# 1941 ccm project



## James nash

so i ended up picking this bike up for $100 even. I loved it once i saw it and rode it around the block,it was awesome... I know there are a few things not original to the bike but with some help from everyone on here hopefully i can get it back to its original state... i posted a ton of pics so any info on the bike would be much appreciated.. as well as were to start finding original sprocket,badge ect... the paint isnt original but you can sure see alot of the original maroon color under the flaky red paint so what should i do guys? try getting the red off of there? do a total restore or what?


----------



## James nash

all ccm pros out there help me out here! if anyone knows were i can find the right original parts for the bike ill be interested in purchasing.... thanks  heres some more pics.....


----------



## OldRider

You might want to contact this fellow.
oldy57@mymts.net
Tom has helped me out before when I needed old CCM parts. Good luck.


----------



## James nash

Yeah! Thanks old rider ill check that out!


----------



## James nash

Well I'm workin hard to get the paint off and the maroon is starting to show through. Even the pin stripes are still here and there. I will post pics after I'm all done.


----------



## Natalie M

*Good Old Rusty Chainring*

Hi James , I Have A Good Old Rusty CCM Chainring That Should Clean Up Sort Of Ok . You Can Have It For Free if You Cover Shipping , Let Me Find It And Post A Photo


----------



## Natalie M

I Gave Part Of It a Quick Scrub And I Think It will Clean Uo Ok , Its Straight So You Can Ride It Now , Rechrome It Later , Sorry I Have No Cranks To Go with It . Its Yours If You Want It .


----------



## James nash

Awesome ill take it for sure!


----------



## James nash

*1941 ccm original parts*

thanks for the info on "tom" oldrider! he helped me out alot.... He's a very nice guy to deal with. i was able to get original crank,chain ring, and gibson pedals. Cheers!!!!


----------



## Lawrence Ruskin

I'm guessing this is what you have. In the US these are called motorbikes, up here it's called a twinbar at least around here.
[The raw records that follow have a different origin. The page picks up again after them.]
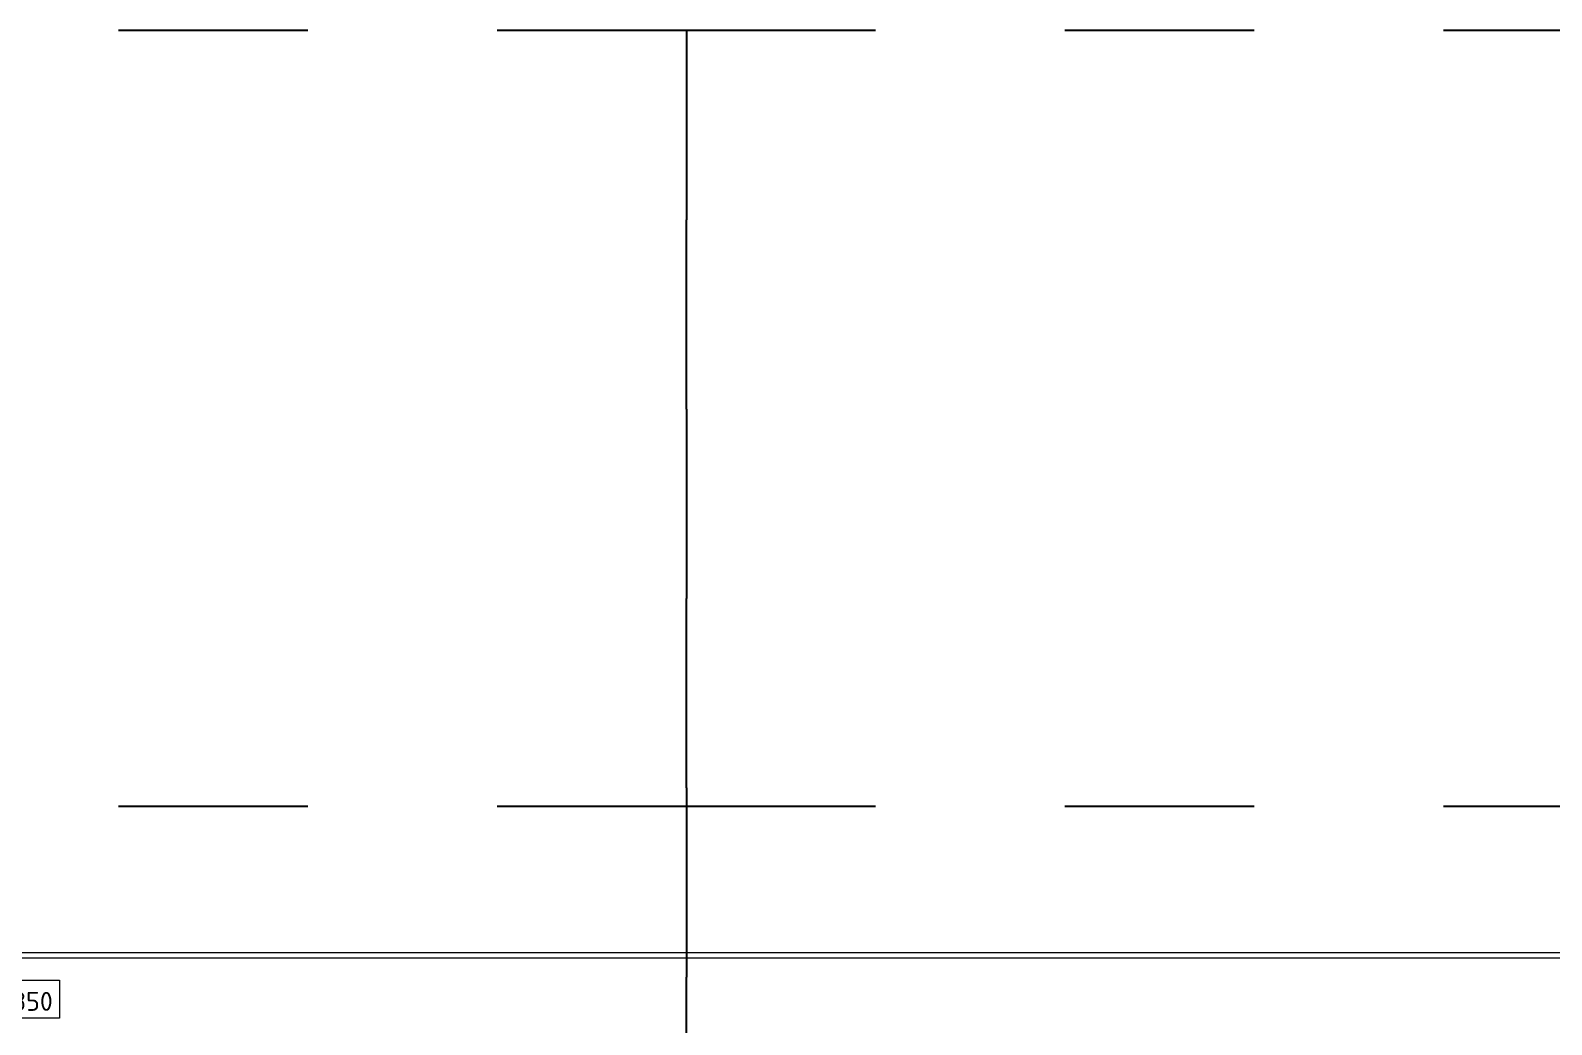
# Model space of a CAD drawing. Header units: millimetres. Extents: x 2377 to 264466, y -28213 to 61616.
# Drawn here: x 35409 to 50478, y 21273 to 31120 of the extents above; entities that cross this region are included whole.
import ezdxf

# ---------------------------------------------------------------- set-up
doc = ezdxf.new("R2010")
doc.units = ezdxf.units.MM
doc.linetypes.add('Čiarkovaná 3mm', pattern=[6, 3, -3])
doc.layers.get('0').update_dxf_attribs({"color": 8})
for name, color, linetype, lineweight in [('Balusters', 8, 'Continuous', 9), ('Rails', 8, 'Continuous', 9), ('Spot Elevations', 8, 'Continuous', 9)]:
    doc.layers.add(name, color=color, linetype=linetype, lineweight=lineweight)
doc.layers.add('NETLAC', color=240, linetype='Čiarkovaná 3mm', plot=False, transparency=0.1)
doc.styles.add('ISOCPEUR_2', font='isocpeur.ttf', dxfattribs={"height": 187.5})

# ---------------------------------------------------------------- blocks, each defined once
blk = doc.blocks.new('Railing - Railing-4719465-2NP _PRAC_')
at = {"layer": 'Rails'}
for p, q in [((44282, -532), (-9608, -532)), ((-9558, -582), (44282, -582))]:
    blk.add_line(p, q, dxfattribs=at)
blk = doc.blocks.new('Spot Elevations - Vyskova kota v podoryse-64578-2NP _PRAC_')
at = {"layer": 'Spot Elevations'}
for p, q in [((-5.5, 0), (-5.5, 5)), ((-5.5, 5), (5.5, 5)), ((5.5, 5), (5.5, 0)), ((5.5, 0), (-5.5, 0))]:
    blk.add_line(p, q, dxfattribs=at)
blk = doc.blocks.new('2NP podklad')
at = {"layer": 'Balusters', "color": 252}
blk.add_blockref('Railing - Railing-4719465-2NP _PRAC_', (14985, 22516), dxfattribs=at)
at = {"layer": 'Spot Elevations', "color": 252, "xscale": 74.99999999999996, "yscale": 74.99999999999996, "zscale": 74.99999999999996}
blk.add_blockref('Spot Elevations - Vyskova kota v podoryse-64578-2NP _PRAC_', (35285, 21338), dxfattribs=at)
at = {"layer": 'Spot Elevations', "color": 252, "insert": (34901, 21597), "char_height": 187.5, "width": 885.12, "attachment_point": 1, "line_spacing_factor": 1.149209, "style": 'ISOCPEUR_2'}
blk.add_mtext('+4,350', dxfattribs=at)
blk = doc.blocks.new('netlac')
at = {"layer": 'NETLAC', "ltscale": 500}
for p, q in [((83851, 26406), (73351, 26406)), ((73351, 26406), (73351, 5406)), ((83851, 5406), (83851, 26406)), ((83851, 20256), (73351, 20256)), ((73351, 5406), (83851, 5406))]:
    blk.add_line(p, q, dxfattribs=at)

msp = doc.modelspace()

# ---------------------------------------------------------------- block references
at = {"color": 0}
msp.add_blockref('2NP podklad', (0, 0), dxfattribs=at)

# ---------------------------------------------------------------- next in the draw order: block references
at = {"color": 0, "xscale": 1.25, "yscale": 1.25, "zscale": 1.25}
for p in [(-62907, -1888), (-49782, -1888)]:
    msp.add_blockref('netlac', p, dxfattribs=at)

doc.saveas('drawing.dxf')
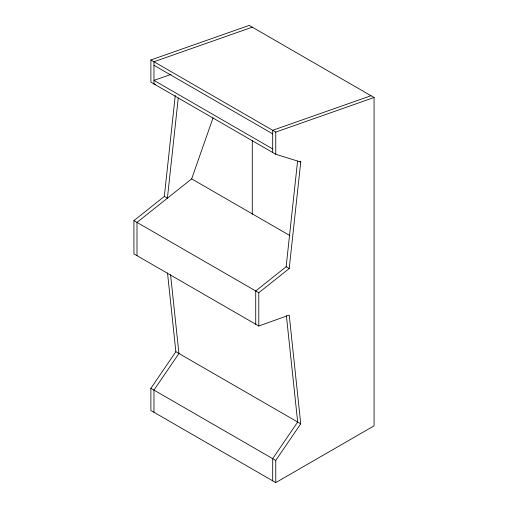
<?xml version="1.0" encoding="UTF-8"?>
<svg xmlns="http://www.w3.org/2000/svg" width="508" height="508" viewBox="0 0 508 508"><rect width="100%" height="100%" fill="white"/><g stroke="black" fill="none" stroke-linecap="round" stroke-linejoin="round"><path stroke-width="0.76" d="M258.801 326.009L258.801 292.729L289.217 268.516L300.742 162.027L275.768 154.261L150.882 82.163L150.882 59.976L249.199 25.4L374.079 97.498L374.079 425.837L275.768 482.6L275.768 460.413L300.742 423.812L289.217 315.1L258.801 326.009L133.922 253.905L133.922 220.631L164.332 196.412L175.266 95.447M178.251 98.012L167.405 198.19L164.332 196.412M255.727 324.231L255.727 290.951L286.144 266.738L297.586 161.042M136.995 255.683L136.995 222.402L191.668 178.873L213.03 117.919M275.768 482.6L150.882 410.502L150.882 388.315L175.863 351.707L167.507 272.936M252.273 27.172L153.962 61.747L153.962 83.934L155.473 84.404M171.075 74.365L153.962 80.385L272.694 148.933M371.005 95.726L272.694 130.302L272.694 152.483M150.882 59.976L275.768 132.074L374.079 97.498M153.962 65.297L272.694 133.852M299.517 161.315L300.742 162.027M191.668 178.873L289.814 235.534M286.144 266.738L289.217 268.516M133.922 220.631L258.801 292.729M175.863 351.707L300.742 423.812M150.882 388.315L275.768 460.413M286.391 315.69L297.669 422.034L272.694 458.641L272.694 480.828M170.58 274.714L178.937 353.485L153.962 390.087L153.962 412.274M275.768 132.074L275.768 154.261M252.273 140.57L252.273 214.332"/></g></svg>
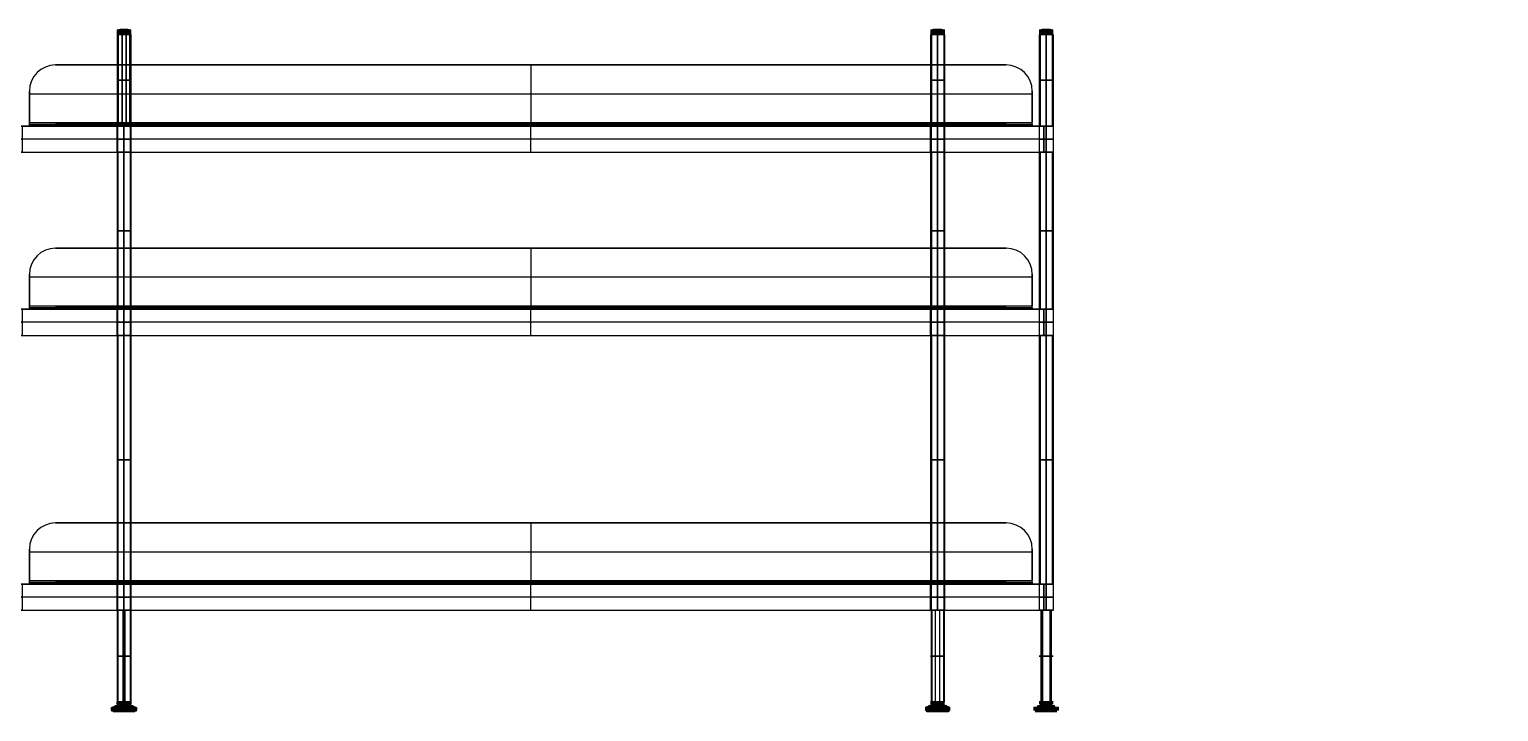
# Model space of a CAD drawing. Header units: millimetres. Extents: x -17 to 2899, y 470 to 1252.
# Drawn here: x 1215 to 2899, y 470 to 1252 of the extents above; entities that cross this region are included whole.
import ezdxf

# ---------------------------------------------------------------- set-up
doc = ezdxf.new("R2010")
doc.units = ezdxf.units.MM
doc.header["$MEASUREMENT"] = 0
doc.layers.add('Default', color=7, linetype='Continuous', true_color=0x000000)

# ---------------------------------------------------------------- blocks, each defined once
blk = doc.blocks.new('Top_Single')
at = {"layer": 'Default'}
for p, q in [((-8.2, 4.1), (-8.2, 0.4)), ((0, 4.1, 8.2), (0, 0.4, 8.2)), ((0, 0.4, -8.2), (0, 4.1, -8.2)), ((8.2, 4.1), (8.2, 0.4)), ((-6.9, -0.3), (6.9, -0.3)), ((0, -0.3, -6.9), (0, -0.3, 6.9))]:
    blk.add_line(p, q, dxfattribs=at)
for centre, start, end in [((-7.7, 4.1), 105.165, 179.25), ((-7.7, 0.4), 180, 254.0079), ((-7.7, 0.4), 179.25, 180), ((7.7, 4.1), 0.75, 74.835), ((7.7, 0.4), 285.9921, 0), ((7.7, 0.4), 0, 0.75)]:
    blk.add_arc(centre, 0.5, start, end, dxfattribs=at)
at = {"layer": 'Default', "extrusion": (0, 1, 0)}
for centre, radius, start, end in [((0, 0, 4.1), 8.2, 270, 90), ((0, 0, 2.2), 8.22, 270, 90), ((0, 0, 0.4), 8.25, 270, 90), ((0, 0, 4.6), 7.83, 0, 90), ((0, 0, 4.6), 7.83, 270, 0), ((0, 0, 4.6), 7.83, 180, 270), ((0, 0, 4.6), 7.83, 90, 180), ((0, 0, 4.1), 8.2, 90, 270), ((0, 0, 2.2), 8.22, 90, 270), ((0, 0, 0.4), 8.25, 90, 270)]:
    blk.add_arc(centre, radius, start, end, dxfattribs=at)
at = {"layer": 'Default', "extrusion": (-6.73259e-18, 1, 3.36629e-18)}
blk.add_arc((0, 0, 0.4), 8.25, 270, 90, dxfattribs=at)
at = {"layer": 'Default', "extrusion": (1, 1.60183e-17, -1.22364e-15)}
blk.add_arc((4.1, -7.7), 0.5, 270.75, 344.835, dxfattribs=at)
at = {"layer": 'Default', "extrusion": (1, -3.7376e-17, -2.85515e-15)}
blk.add_arc((4.1, 7.7), 0.5, 15.165, 89.25, dxfattribs=at)
at = {"layer": 'Default', "extrusion": (1, -2.72211e-31, -1.22593e-15)}
blk.add_arc((0.4, -7.7), 0.5, 195.9921, 270, dxfattribs=at)
at = {"layer": 'Default', "extrusion": (1, 0, 0)}
for centre, start, end in [((0.4, -7.7), 270, 270.75), ((0.4, 7.7), 89.25, 90), ((0.4, 7.7), 90, 164.0079), ((0.4, -7.7), 195.9921, 270)]:
    blk.add_arc(centre, 0.5, start, end, dxfattribs=at)
at = {"layer": 'Default', "extrusion": (6.73259e-18, 1, -3.36629e-18)}
blk.add_arc((0, 0, 0.4), 8.25, 90, 270, dxfattribs=at)
at = {"layer": 'Default', "extrusion": (1, 1.13421e-30, 2.04321e-15)}
blk.add_arc((0.4, 7.7), 0.5, 90, 164.0079, dxfattribs=at)
at = {"layer": 'Default', "extrusion": (2.81677e-17, 1, 4.92935e-17)}
blk.add_arc((0, 0, -0.1), 7.88, 270, 0, dxfattribs=at)
at = {"layer": 'Default', "extrusion": (1.76048e-18, 1, -4.92935e-17)}
blk.add_arc((0, 0, -0.1), 7.88, 0, 90, dxfattribs=at)
at = {"layer": 'Default', "extrusion": (-2.99282e-17, 1, 2.46468e-17)}
blk.add_arc((0, 0, -0.1), 7.88, 180, 270, dxfattribs=at)
at = {"layer": 'Default', "extrusion": (-1.93396e-33, 1, -2.28863e-17)}
blk.add_arc((0, 0, -0.1), 7.88, 90, 180, dxfattribs=at)
at = {"layer": 'Default'}
for points in [[(0, 5.4), (-4.9, 5.4), (-7.8, 4.6)], [(7.8, 4.6), (4.9, 5.4), (0, 5.4)], [(0, 5.4), (0, 5.4, -4.9), (0, 4.6, -7.8)], [(0, 5.4), (0, 5.4, 4.9), (0, 4.6, 7.8)], [(-7.9, -0.1), (-7.4, -0.2), (-6.9, -0.3)], [(0, -0.1, -7.9), (0, -0.2, -7.4), (0, -0.3, -6.9)], [(0, -0.1, 7.9), (0, -0.2, 7.4), (0, -0.3, 6.9)], [(6.9, -0.3), (7.4, -0.2), (7.9, -0.1)]]:
    blk.add_open_spline(points, degree=2, dxfattribs=at)
for points in [[(-4.4, 5.2), (-4.4, 5.2, -8.8), (4.4, 5.2, -8.8), (4.4, 5.2)], [(4.4, 5.2), (4.4, 5.2, 8.8), (-4.4, 5.2, 8.8), (-4.4, 5.2)], [(-7.4, -0.2), (-7.4, -0.2, -14.8), (7.4, -0.2, -14.8), (7.4, -0.2)], [(7.4, -0.2), (7.4, -0.2, 14.8), (-7.4, -0.2, 14.8), (-7.4, -0.2)], [(-6.9, -0.3), (-6.9, -0.3, -13.8), (6.9, -0.3, -13.8), (6.9, -0.3)], [(-6.9, -0.3), (-6.9, -0.3, 13.8), (6.9, -0.3, 13.8), (6.9, -0.3)]]:
    blk.add_rational_spline(points, [1, 0.333333333333, 0.333333333333, 1], degree=3, dxfattribs=at)
blk = doc.blocks.new('Top assembly')
at = {"layer": 'Default'}
blk.add_blockref('Top_Single', (0, 0), dxfattribs=at)
blk = doc.blocks.new('lower tube_Rr 105mm')
at = {"layer": 'Default'}
for p, q in [((-8, 105), (-7, 105)), ((-8, 105), (-8, 0)), ((-7, 105), (-7, 0)), ((0, 0, 7), (0, 105, 7)), ((0, 105, -7), (0, 0, -7)), ((0, 105, 8), (0, 0, 8)), ((0, 0, -8), (0, 105, -8)), ((0, 105, -8), (0, 105, -7)), ((0, 105, 7), (0, 105, 8)), ((7, 105), (8, 105)), ((7, 105), (7, 0)), ((8, 105), (8, 0)), ((-8, 0), (-7, 0)), ((0, 0, -8), (0, 0, -7)), ((0, 0, 7), (0, 0, 8)), ((7, 0), (8, 0))]:
    blk.add_line(p, q, dxfattribs=at)
at = {"layer": 'Default', "extrusion": (0, 1, 0)}
for centre, radius, start, end in [((0, 0, 105), 8, 270, 90), ((0, 0, 105), 7, 270, 90), ((0, 0, 105), 8, 90, 270), ((0, 0, 105), 7, 90, 270), ((0, 0, 52.5), 8, 270, 90), ((0, 0, 52.5), 7, 270, 90), ((0, 0, 52.5), 8, 90, 270), ((0, 0, 52.5), 7, 90, 270)]:
    blk.add_arc(centre, radius, start, end, dxfattribs=at)
at = {"layer": 'Default', "extrusion": (1.11022e-15, 1, 4.93038e-32)}
blk.add_arc((0, 0), 8, 270, 90, dxfattribs=at)
at = {"layer": 'Default', "extrusion": (1.26883e-15, 1, 5.63472e-32)}
blk.add_arc((0, 0), 7, 270, 90, dxfattribs=at)
at = {"layer": 'Default', "extrusion": (-1.11022e-15, 1, -4.93038e-32)}
blk.add_arc((0, 0), 8, 90, 270, dxfattribs=at)
at = {"layer": 'Default', "extrusion": (-1.26883e-15, 1, -5.63472e-32)}
blk.add_arc((0, 0), 7, 90, 270, dxfattribs=at)
blk = doc.blocks.new('2016.05.19 CM Storage_top tube')
at = {"layer": 'Default'}
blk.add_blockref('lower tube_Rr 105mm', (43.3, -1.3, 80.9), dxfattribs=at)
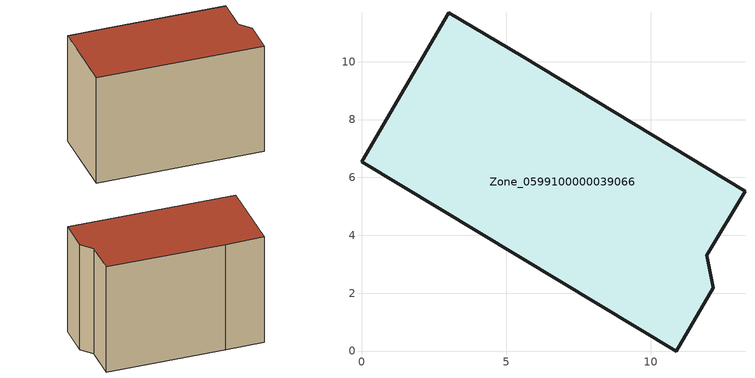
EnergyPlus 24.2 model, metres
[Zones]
Zone_0599100000039066
 floor ground (C_G): 11.94,3.31 12.17,2.19 10.88,0 0,6.54 3.01,11.69 5.56,10.19 13.26,5.52 z0
 wall outside (C_F): 0,6.54 10.88,0 12.17,2.19 11.94,3.31 13.26,5.52 5.56,10.19 3.01,11.69 0,6.54 z0:8.85
 roof outside (C_R): 11.94,3.31 13.26,5.52 5.56,10.19 3.01,11.69 0,6.54 10.88,0 12.17,2.19 z8.85
[BUILDING]
Pand.0599100000039066: North Axis=0; Terrain=City; Loads Convergence Tolerance Value=0.04; Temperature Convergence Tolerance Value=0.4; Solar Distribution=FullExterior; Maximum Number of Warmup Days=25; Minimum Number of Warmup Days=1
[Site:Location]
Rotterdam.The.Hague.AP_ZH_NLD Design_Conditions: Latitude=51.96; Longitude=4.45; Time Zone=1; Elevation=-4.5
[SITE:GROUNDTEMPERATURE:BUILDINGSURFACE]
18, 18, 18, 18, 18, 18, 18, 18, 18, 18, 18, 18
[MATERIAL] Thermal Absorptance=0.9; Solar Absorptance=0.7; Visible Absorptance=0.7
Name | Roughness | Thickness | Conductivity | Density | Specific Heat
G.TI.1946 | MediumSmooth | 0.15 | 1 | 540 | 1210
F.TI.1946 | Rough | 0.3 | 0.857143 | 1920 | 840
R.TI.1946 | MediumRough | 0.2 | 0.1 | 1500 | 1000
[CONSTRUCTION]
C_G: G.TI.1946
C_F: F.TI.1946
C_R: R.TI.1946
[ZONE]
Zone_0599100000039066: Type=1; Multiplier=1; Ceiling Height=Autocalculate; Volume=Autocalculate; Floor Area=autocalculate; Part of Total Floor Area=Yes
[ZONEINFILTRATION:DESIGNFLOWRATE]
Infil_Zone_0599100000039066: Zone or ZoneList or Space or SpaceList=Zone_0599100000039066; Schedule=AlwaysOn; Design Flow Rate Calculation Method=Flow/Area; Flow Rate per Floor Area=0.003; Constant Term Coefficient=1; Temperature Term Coefficient=0; Velocity Term Coefficient=0; Velocity Squared Term Coefficient=0
[HVACTEMPLATE:ZONE:IDEALLOADSAIRSYSTEM]
Zone_0599100000039066: Maximum Heating Supply Air Temperature=50; Minimum Cooling Supply Air Temperature=13; Maximum Heating Supply Air Humidity Ratio=0.0156; Minimum Cooling Supply Air Humidity Ratio=0.0077; Heating Limit=NoLimit; Cooling Limit=NoLimit; Dehumidification Control Type=ConstantSensibleHeatRatio; Cooling Sensible Heat Ratio=0.7; Dehumidification Setpoint=60; Humidification Control Type=None; Humidification Setpoint=30; Outdoor Air Method=None; Outdoor Air Flow Rate per Person=0.00944; Outdoor Air Flow Rate per Zone Floor Area=0; Outdoor Air Flow Rate per Zone=0; Demand Controlled Ventilation Type=None; Outdoor Air Economizer Type=NoEconomizer; Heat Recovery Type=None; Sensible Heat Recovery Effectiveness=0.7; Latent Heat Recovery Effectiveness=0.65
[ZONECONTROL:THERMOSTAT]
ThermostatControl_Zone_0599100000039066: Zone or ZoneList=Zone_0599100000039066; Control Type Schedule=DualSetpointControlType; Control 1=Thermostat_Zone_0599100000039066; Temperature Difference Between Cutout And Setpoint=0
[THERMOSTATSETPOINT:DUALSETPOINT]
Thermostat_Zone_0599100000039066: Heating Setpoint Temperature Schedule=HeatingSetpoint_Zone_0599100000039066; Cooling Setpoint Temperature Schedule=CoolingSetpoint_Zone_0599100000039066
[SCHEDULE:COMPACT]
HeatingSetpoint_Zone_0599100000039066: Through: 12/31, For: AllDays, Until: 24:00, 21
CoolingSetpoint_Zone_0599100000039066: Through: 12/31, For: AllDays, Until: 24:00, 24
DualSetpointControlType: Through: 12/31, For: AllDays, Until: 24:00, 4
AlwaysOn: Through: 12/31, For: AllDays, Until: 24:00, 1

 Both were a knock off of an English design, as were most CCMs


----------



## Lawrence Ruskin

some head badges


----------



## Lawrence Ruskin

That was the wrong one



I'd be thinking the one you want is E, but I could be wrong. Anybody else?


----------



## James nash

*1941 headbadge*

I believe it's this one, at least that's what I have been told so far.


----------



## Lawrence Ruskin

Could well be, That's C in that picture.

 It has a back badge on it. It's the same as my 37.

You can make a back badge from a beer can.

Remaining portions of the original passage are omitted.